Copy exactly the lines of the data below that run from the line holding "Logical Operator9 : Logic" through the line holding "singal1 : Subsystem", both ends included.

-- Data records --

■ ■ ■ ■

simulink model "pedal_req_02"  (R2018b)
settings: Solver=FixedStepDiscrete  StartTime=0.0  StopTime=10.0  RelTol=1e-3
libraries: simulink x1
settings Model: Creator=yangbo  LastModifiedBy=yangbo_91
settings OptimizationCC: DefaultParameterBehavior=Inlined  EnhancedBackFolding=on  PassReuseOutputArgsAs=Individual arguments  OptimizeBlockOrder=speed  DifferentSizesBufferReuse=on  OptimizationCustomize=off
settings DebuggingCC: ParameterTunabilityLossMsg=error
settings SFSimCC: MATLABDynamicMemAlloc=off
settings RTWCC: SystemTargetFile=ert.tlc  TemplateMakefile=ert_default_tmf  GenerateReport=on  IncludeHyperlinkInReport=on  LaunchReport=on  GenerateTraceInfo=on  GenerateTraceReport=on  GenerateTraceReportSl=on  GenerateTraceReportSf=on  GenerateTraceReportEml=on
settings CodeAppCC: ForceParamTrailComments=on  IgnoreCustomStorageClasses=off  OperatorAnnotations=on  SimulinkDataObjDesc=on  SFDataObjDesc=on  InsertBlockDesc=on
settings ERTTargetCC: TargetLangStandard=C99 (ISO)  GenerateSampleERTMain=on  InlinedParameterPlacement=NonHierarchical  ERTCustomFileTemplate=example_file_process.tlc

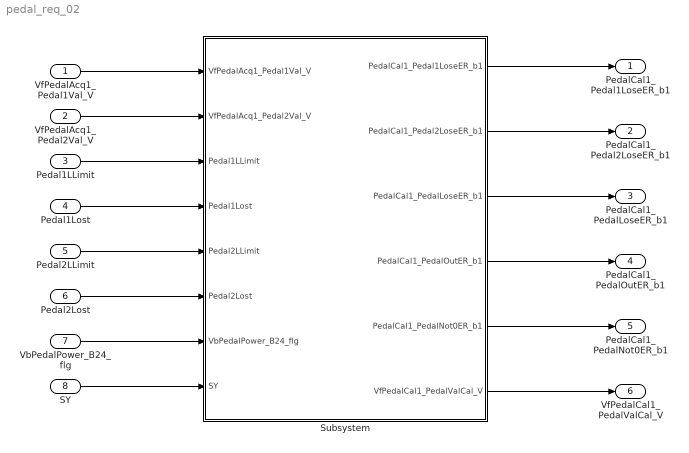
== system pedal_req_02 ==
  VfPedalAcq1_Pedal1Val_V : Inport
  VfPedalAcq1_Pedal2Val_V : Inport  Port=2
  Pedal1LLimit : Inport  Port=3
  Pedal1Lost : Inport  Port=4
  Pedal2LLimit : Inport  Port=5
  Pedal2Lost : Inport  Port=6
  VbPedalPower_B24_flg : Inport  Port=7
  SY : Inport  Port=8
  Subsystem : Subsystem  TreatAsAtomicUnit=on
  PedalCal1_Pedal1LoseER_b1 : Outport
  PedalCal1_Pedal2LoseER_b1 : Outport  Port=2
  PedalCal1_PedalLoseER_b1 : Outport  Port=3
  PedalCal1_PedalOutER_b1 : Outport  Port=4
  PedalCal1_PedalNot0ER_b1 : Outport  Port=5
  VfPedalCal1_PedalValCal_V : Outport  Port=6
  wires:
  VfPedalAcq1_Pedal1Val_V/1 -> Subsystem/1(VfPedalAcq1_Pedal1Val_V)
  VfPedalAcq1_Pedal2Val_V/1 -> Subsystem/2(VfPedalAcq1_Pedal2Val_V)
  Pedal1LLimit/1 -> Subsystem/3(Pedal1LLimit)
  Pedal1Lost/1 -> Subsystem/4(Pedal1Lost)
  Pedal2LLimit/1 -> Subsystem/5(Pedal2LLimit)
  Pedal2Lost/1 -> Subsystem/6(Pedal2Lost)
  VbPedalPower_B24_flg/1 -> Subsystem/7(VbPedalPower_B24_flg)
  SY/1 -> Subsystem/8(SY)
  Subsystem/1(PedalCal1_Pedal1LoseER_b1) -> PedalCal1_Pedal1LoseER_b1/1
  Subsystem/2(PedalCal1_Pedal2LoseER_b1) -> PedalCal1_Pedal2LoseER_b1/1
  Subsystem/3(PedalCal1_PedalLoseER_b1) -> PedalCal1_PedalLoseER_b1/1
  Subsystem/4(PedalCal1_PedalOutER_b1) -> PedalCal1_PedalOutER_b1/1
  Subsystem/5(PedalCal1_PedalNot0ER_b1) -> PedalCal1_PedalNot0ER_b1/1
  Subsystem/6(VfPedalCal1_PedalValCal_V) -> VfPedalCal1_PedalValCal_V/1

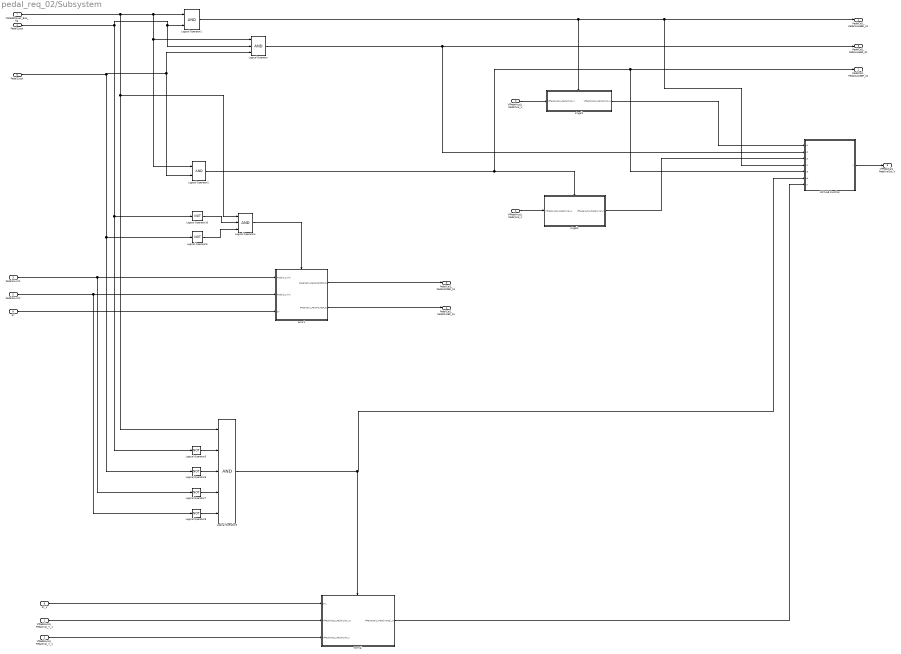
== system pedal_req_02/Subsystem ==
  VfPedalAcq1_Pedal1Val_V : Inport
  VfPedalAcq1_Pedal2Val_V : Inport  Port=2
  Pedal1LLimit : Inport  Port=3
  Pedal1Lost : Inport  Port=4
  Pedal2LLimit : Inport  Port=5
  Pedal2Lost : Inport  Port=6
  VbPedalPower_B24_flg : Inport  Port=7
  SY : Inport  Port=8
  Logical Operator : Logic  Inputs=3  AllPortsSameDT=off  OutDataTypeStr=boolean
  Logical Operator1 : Logic  AllPortsSameDT=off  OutDataTypeStr=boolean
  Logical Operator10 : Logic  Operator=NOT  Inputs=3  AllPortsSameDT=off  OutDataTypeStr=boolean
  Logical Operator2 : Logic  AllPortsSameDT=off  OutDataTypeStr=boolean
  Logical Operator3 : Logic  Inputs=5  AllPortsSameDT=off  OutDataTypeStr=boolean
  Logical Operator4 : Logic  Inputs=3  AllPortsSameDT=off  OutDataTypeStr=boolean
  Logical Operator{5..8} (4 alike) : Logic  Operator=NOT  AllPortsSameDT=off  OutDataTypeStr=boolean
  Logical Operator9 : Logic  Operator=NOT  Inputs=3  AllPortsSameDT=off  OutDataTypeStr=boolean
  MATLAB Function : MATLAB Function  TreatAsAtomicUnit=on
  SY_1 : InportShadow  Port=8
  VfPedalAcq1_Pedal1Val_V_1 : InportShadow
  VfPedalAcq1_Pedal2Val_V_1 : InportShadow  Port=2
  error1 : Subsystem  TreatAsAtomicUnit=on
  normal : Subsystem  TreatAsAtomicUnit=on
  singal1 : Subsystem  TreatAsAtomicUnit=on
  singal2 : Subsystem  TreatAsAtomicUnit=on
  PedalCal1_Pedal1LoseER_b1 : Outport
  PedalCal1_Pedal2LoseER_b1 : Outport  Port=2
  PedalCal1_PedalLoseER_b1 : Outport  Port=3
  PedalCal1_PedalOutER_b1 : Outport  Port=4
  PedalCal1_PedalNot0ER_b1 : Outport  Port=5
  VfPedalCal1_PedalValCal_V : Outport  Port=6
  wires:
  VbPedalPower_B24_flg/1 -> Logical Operator4/1, Logical Operator3/1, Logical Operator/1, Logical Operator2/1, Logical Operator1/1
  Pedal1LLimit/1 -> Logical Operator7/1, error1/1(Pedal1LLimit)
  SY/1 -> error1/3(SY)
  Logical Operator1/1 -> PedalCal1_Pedal1LoseER_b1/1, MATLAB Function/4(u4), singal1/Enable
  Logical Operator9/1 -> Logical Operator4/3
  Pedal2Lost/1 -> Logical Operator2/2, Logical Operator/3, Logical Operator9/1, Logical Operator6/1
  error1/1(PedalCal1_PedalNot0ER_b1) -> PedalCal1_PedalNot0ER_b1/1
  Pedal1Lost/1 -> Logical Operator/2, Logical Operator1/2, Logical Operator10/1, Logical Operator5/1
  VfPedalAcq1_Pedal1Val_V_1/1 -> normal/2(VfPedalAcq1_Pedal1Val_V1)
  Pedal2LLimit/1 -> Logical Operator8/1, error1/2(Pedal2LLimit)
  VfPedalAcq1_Pedal1Val_V/1 -> singal2/1(VfPedalAcq1_Pedal1Val_V)
  Logical Operator10/1 -> Logical Operator4/2
  Logical Operator4/1 -> error1/Enable
  Logical Operator2/1 -> PedalCal1_Pedal2LoseER_b1/1, MATLAB Function/5(u5), singal2/Enable
  singal2/1(VfPedalAcq1_Pedal1Val_V_) -> MATLAB Function/3(u3)
  singal1/1(VfPedalAcq1_Pedal2Val_V_) -> MATLAB Function/1(u1)
  Logical Operator5/1 -> Logical Operator3/2
  error1/2(PedalCal1_PedalOutER_b1) -> PedalCal1_PedalOutER_b1/1
  Logical Operator3/1 -> MATLAB Function/6(u6), normal/Enable
  Logical Operator/1 -> PedalCal1_PedalLoseER_b1/1, MATLAB Function/2(u2)
  Logical Operator8/1 -> Logical Operator3/5
  VfPedalAcq1_Pedal2Val_V_1/1 -> normal/3(VfPedalAcq1_Pedal2Val_V)
  SY_1/1 -> normal/1(SY1)
  VfPedalAcq1_Pedal2Val_V/1 -> singal1/1(VfPedalAcq1_Pedal2Val_V)
  Logical Operator7/1 -> Logical Operator3/4
  MATLAB Function/1(y) -> VfPedalCal1_PedalValCal_V/1
  normal/1(VfPedalCal1_PedalValCal_V1) -> MATLAB Function/7(u7)
  Logical Operator6/1 -> Logical Operator3/3

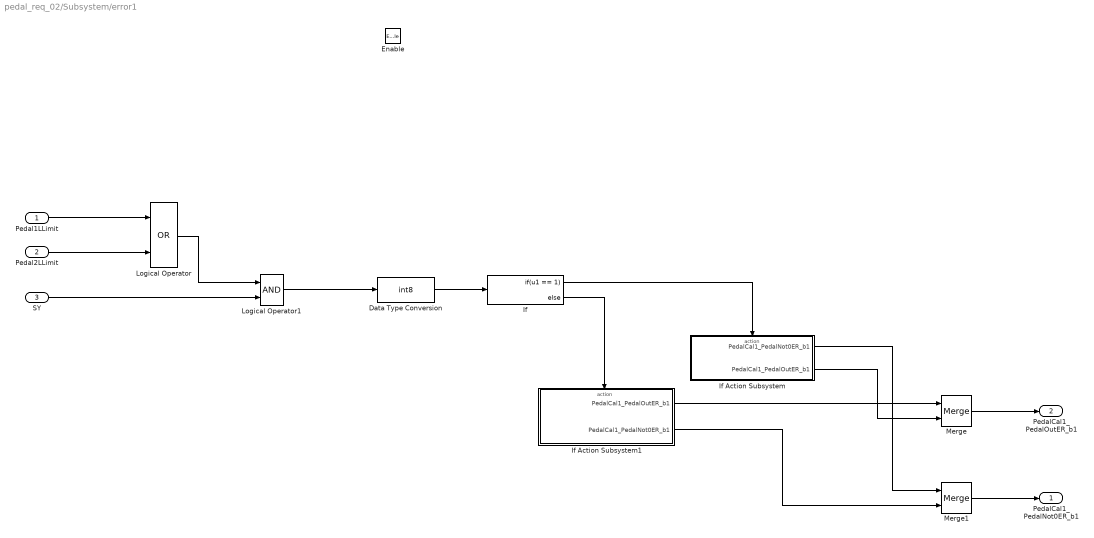
== system pedal_req_02/Subsystem/error1 ==
  Pedal1LLimit : Inport
  Pedal2LLimit : Inport  Port=2
  SY : Inport  Port=3
  Enable : EnablePort
  Data Type Conversion : DataTypeConversion  OutDataTypeStr=int8
  If : If  IfExpression=u1 == 1
  If Action Subsystem : Subsystem  TreatAsAtomicUnit=on
  If Action Subsystem1 : Subsystem  TreatAsAtomicUnit=on
  Logical Operator : Logic  Operator=OR  AllPortsSameDT=off  OutDataTypeStr=boolean
  Logical Operator1 : Logic  AllPortsSameDT=off  OutDataTypeStr=boolean
  Merge : Merge
  Merge1 : Merge
  PedalCal1_PedalNot0ER_b1 : Outport
  PedalCal1_PedalOutER_b1 : Outport  Port=2
  wires:
  Pedal1LLimit/1 -> Logical Operator/1
  Pedal2LLimit/1 -> Logical Operator/2
  Logical Operator/1 -> Logical Operator1/1
  Data Type Conversion/1 -> If/1
  If/1 -> If Action Subsystem/Action
  If/2 -> If Action Subsystem1/Action
  SY/1 -> Logical Operator1/2
  Logical Operator1/1 -> Data Type Conversion/1
  If Action Subsystem1/1(PedalCal1_PedalOutER_b1) -> Merge/1
  If Action Subsystem/1(PedalCal1_PedalNot0ER_b1) -> Merge1/1
  If Action Subsystem/2(PedalCal1_PedalOutER_b1) -> Merge/2
  Merge/1 -> PedalCal1_PedalOutER_b1/1
  If Action Subsystem1/2(PedalCal1_PedalNot0ER_b1) -> Merge1/2
  Merge1/1 -> PedalCal1_PedalNot0ER_b1/1

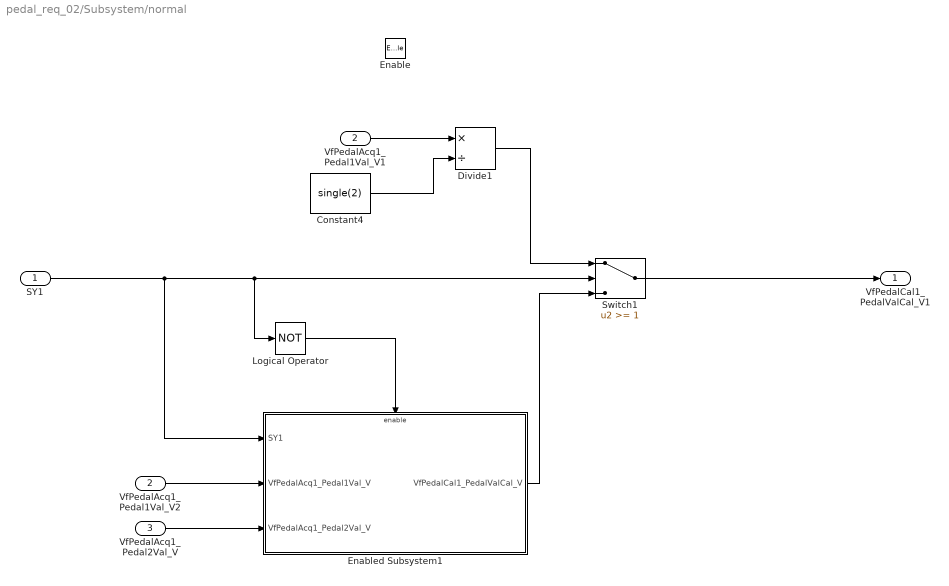
== system pedal_req_02/Subsystem/normal ==
  SY1 : Inport
  VfPedalAcq1_Pedal1Val_V1 : Inport  Port=2
  VfPedalAcq1_Pedal2Val_V : Inport  Port=3
  Enable : EnablePort
  Constant4 : Constant  Value=single(2)
  Divide1 : Product  Inputs=*/
  Enabled Subsystem1 : Subsystem  TreatAsAtomicUnit=on
  Logical Operator : Logic  Operator=NOT  AllPortsSameDT=off  OutDataTypeStr=boolean
  Switch1 : Switch  Threshold=1
  VfPedalAcq1_Pedal1Val_V2 : InportShadow  Port=2
  VfPedalCal1_PedalValCal_V1 : Outport
  wires:
  SY1/1 -> Enabled Subsystem1/1(SY1), Logical Operator/1, Switch1/2
  Switch1/1 -> VfPedalCal1_PedalValCal_V1/1
  VfPedalAcq1_Pedal1Val_V1/1 -> Divide1/1
  Constant4/1 -> Divide1/2
  Divide1/1 -> Switch1/1
  Enabled Subsystem1/1(VfPedalCal1_PedalValCal_V) -> Switch1/3
  VfPedalAcq1_Pedal2Val_V/1 -> Enabled Subsystem1/3(VfPedalAcq1_Pedal2Val_V)
  VfPedalAcq1_Pedal1Val_V2/1 -> Enabled Subsystem1/2(VfPedalAcq1_Pedal1Val_V)
  Logical Operator/1 -> Enabled Subsystem1/Enable

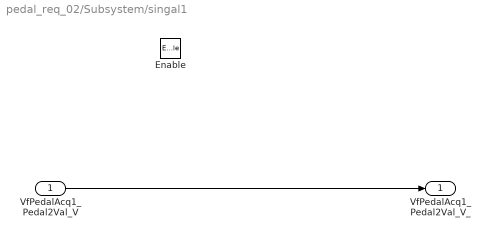
== system pedal_req_02/Subsystem/singal1 ==
  VfPedalAcq1_Pedal2Val_V : Inport
  Enable : EnablePort
  VfPedalAcq1_Pedal2Val_V_ : Outport
  wires:
  VfPedalAcq1_Pedal2Val_V/1 -> VfPedalAcq1_Pedal2Val_V_/1

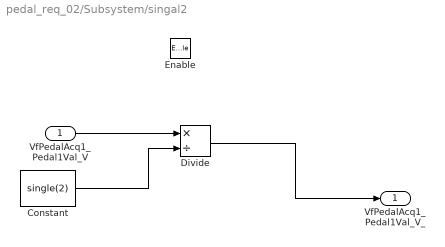
== system pedal_req_02/Subsystem/singal2 ==
  VfPedalAcq1_Pedal1Val_V : Inport
  Enable : EnablePort
  Constant : Constant  Value=single(2)
  Divide : Product  Inputs=*/
  VfPedalAcq1_Pedal1Val_V_ : Outport
  wires:
  VfPedalAcq1_Pedal1Val_V/1 -> Divide/1
  Constant/1 -> Divide/2
  Divide/1 -> VfPedalAcq1_Pedal1Val_V_/1

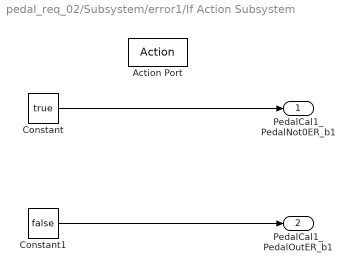
== system pedal_req_02/Subsystem/error1/If Action Subsystem ==
  Action Port : ActionPort  ActionType=then
  Constant : Constant  Value=true
  Constant1 : Constant  Value=false
  PedalCal1_PedalNot0ER_b1 : Outport
  PedalCal1_PedalOutER_b1 : Outport  Port=2
  wires:
  Constant/1 -> PedalCal1_PedalNot0ER_b1/1
  Constant1/1 -> PedalCal1_PedalOutER_b1/1

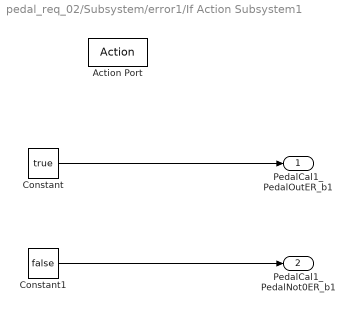
== system pedal_req_02/Subsystem/error1/If Action Subsystem1 ==
  Action Port : ActionPort  ActionType=else
  Constant : Constant  Value=true
  Constant1 : Constant  Value=false
  PedalCal1_PedalOutER_b1 : Outport
  PedalCal1_PedalNot0ER_b1 : Outport  Port=2
  wires:
  Constant/1 -> PedalCal1_PedalOutER_b1/1
  Constant1/1 -> PedalCal1_PedalNot0ER_b1/1

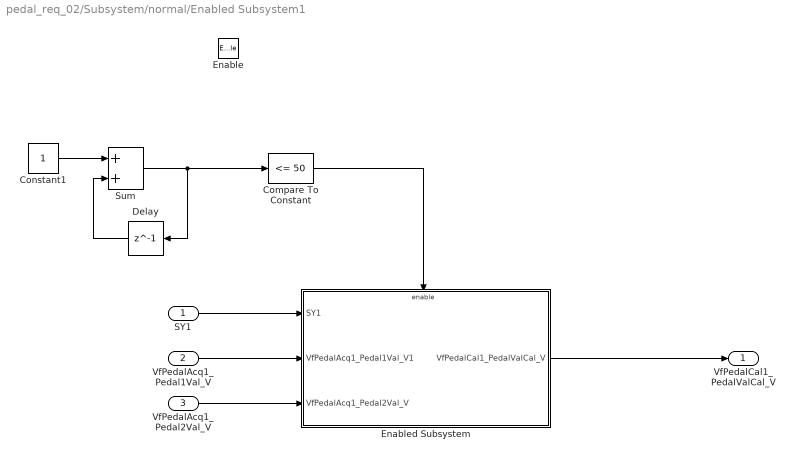
== system pedal_req_02/Subsystem/normal/Enabled Subsystem1 ==
  SY1 : Inport
  VfPedalAcq1_Pedal1Val_V : Inport  Port=2
  VfPedalAcq1_Pedal2Val_V : Inport  Port=3
  Enable : EnablePort
  Compare To Constant : simulink/Logic and Bit Operations/Compare To Constant  relop=<=  const=50  OutDataTypeStr=boolean
  Constant1 : Constant
  Delay : Delay  DelayLength=1  InitialCondition=0
  Enabled Subsystem : Subsystem  TreatAsAtomicUnit=on
  Sum : Sum
  VfPedalCal1_PedalValCal_V : Outport
  wires:
  Constant1/1 -> Sum/1
  Sum/1 -> Delay/1, Compare To Constant/1
  Delay/1 -> Sum/2
  Compare To Constant/1 -> Enabled Subsystem/Enable
  SY1/1 -> Enabled Subsystem/1(SY1)
  VfPedalAcq1_Pedal1Val_V/1 -> Enabled Subsystem/2(VfPedalAcq1_Pedal1Val_V1)
  VfPedalAcq1_Pedal2Val_V/1 -> Enabled Subsystem/3(VfPedalAcq1_Pedal2Val_V)
  Enabled Subsystem/1(VfPedalCal1_PedalValCal_V) -> VfPedalCal1_PedalValCal_V/1

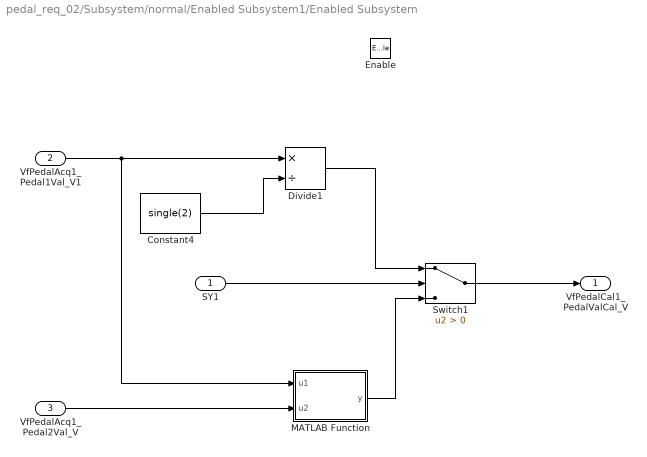
== system pedal_req_02/Subsystem/normal/Enabled Subsystem1/Enabled Subsystem ==
  SY1 : Inport
  VfPedalAcq1_Pedal1Val_V1 : Inport  Port=2
  VfPedalAcq1_Pedal2Val_V : Inport  Port=3
  Enable : EnablePort
  Constant4 : Constant  Value=single(2)
  Divide1 : Product  Inputs=*/
  MATLAB Function : MATLAB Function  TreatAsAtomicUnit=on
  Switch1 : Switch  Criteria=u2 > Threshold
  VfPedalCal1_PedalValCal_V : Outport
  wires:
  SY1/1 -> Switch1/2
  Switch1/1 -> VfPedalCal1_PedalValCal_V/1
  VfPedalAcq1_Pedal1Val_V1/1 -> MATLAB Function/1(u1), Divide1/1
  Constant4/1 -> Divide1/2
  Divide1/1 -> Switch1/1
  VfPedalAcq1_Pedal2Val_V/1 -> MATLAB Function/2(u2)
  MATLAB Function/1(y) -> Switch1/3

== matlab function pedal_req_02/Subsystem/MATLAB Function ==
  data: u1 input; y output; u2 input; u3 input; u4 input; u5 input; u6 input; u7 input
function y = fcn(u1,u2,u3,u4,u5,u6,u7)
%#codegen
if(u2==1)
    y=0;
elseif(u4==1)
    y=u1;
elseif(u5==1)
    y=u3;
elseif(u6==1)
    y=u7;
else
    y=0;
end

== matlab function pedal_req_02/Subsystem/normal/Enabled Subsystem1/Enabled Subsystem/MATLAB Function ==
  data: u1 input; y output; u2 input
function y = fcn(u1,u2)
%#codegen
u12=u1/2;
if(u12>u2)
    y=u2;
else
    y=u12;
end

■ ■ ■ ■

-- Response --
  Logical Operator9 : Logic  Operator=NOT  Inputs=3  AllPortsSameDT=off  OutDataTypeStr=boolean
  MATLAB Function : MATLAB Function  TreatAsAtomicUnit=on
  SY_1 : InportShadow  Port=8
  VfPedalAcq1_Pedal1Val_V_1 : InportShadow
  VfPedalAcq1_Pedal2Val_V_1 : InportShadow  Port=2
  error1 : Subsystem  TreatAsAtomicUnit=on
  normal : Subsystem  TreatAsAtomicUnit=on
  singal1 : Subsystem  TreatAsAtomicUnit=on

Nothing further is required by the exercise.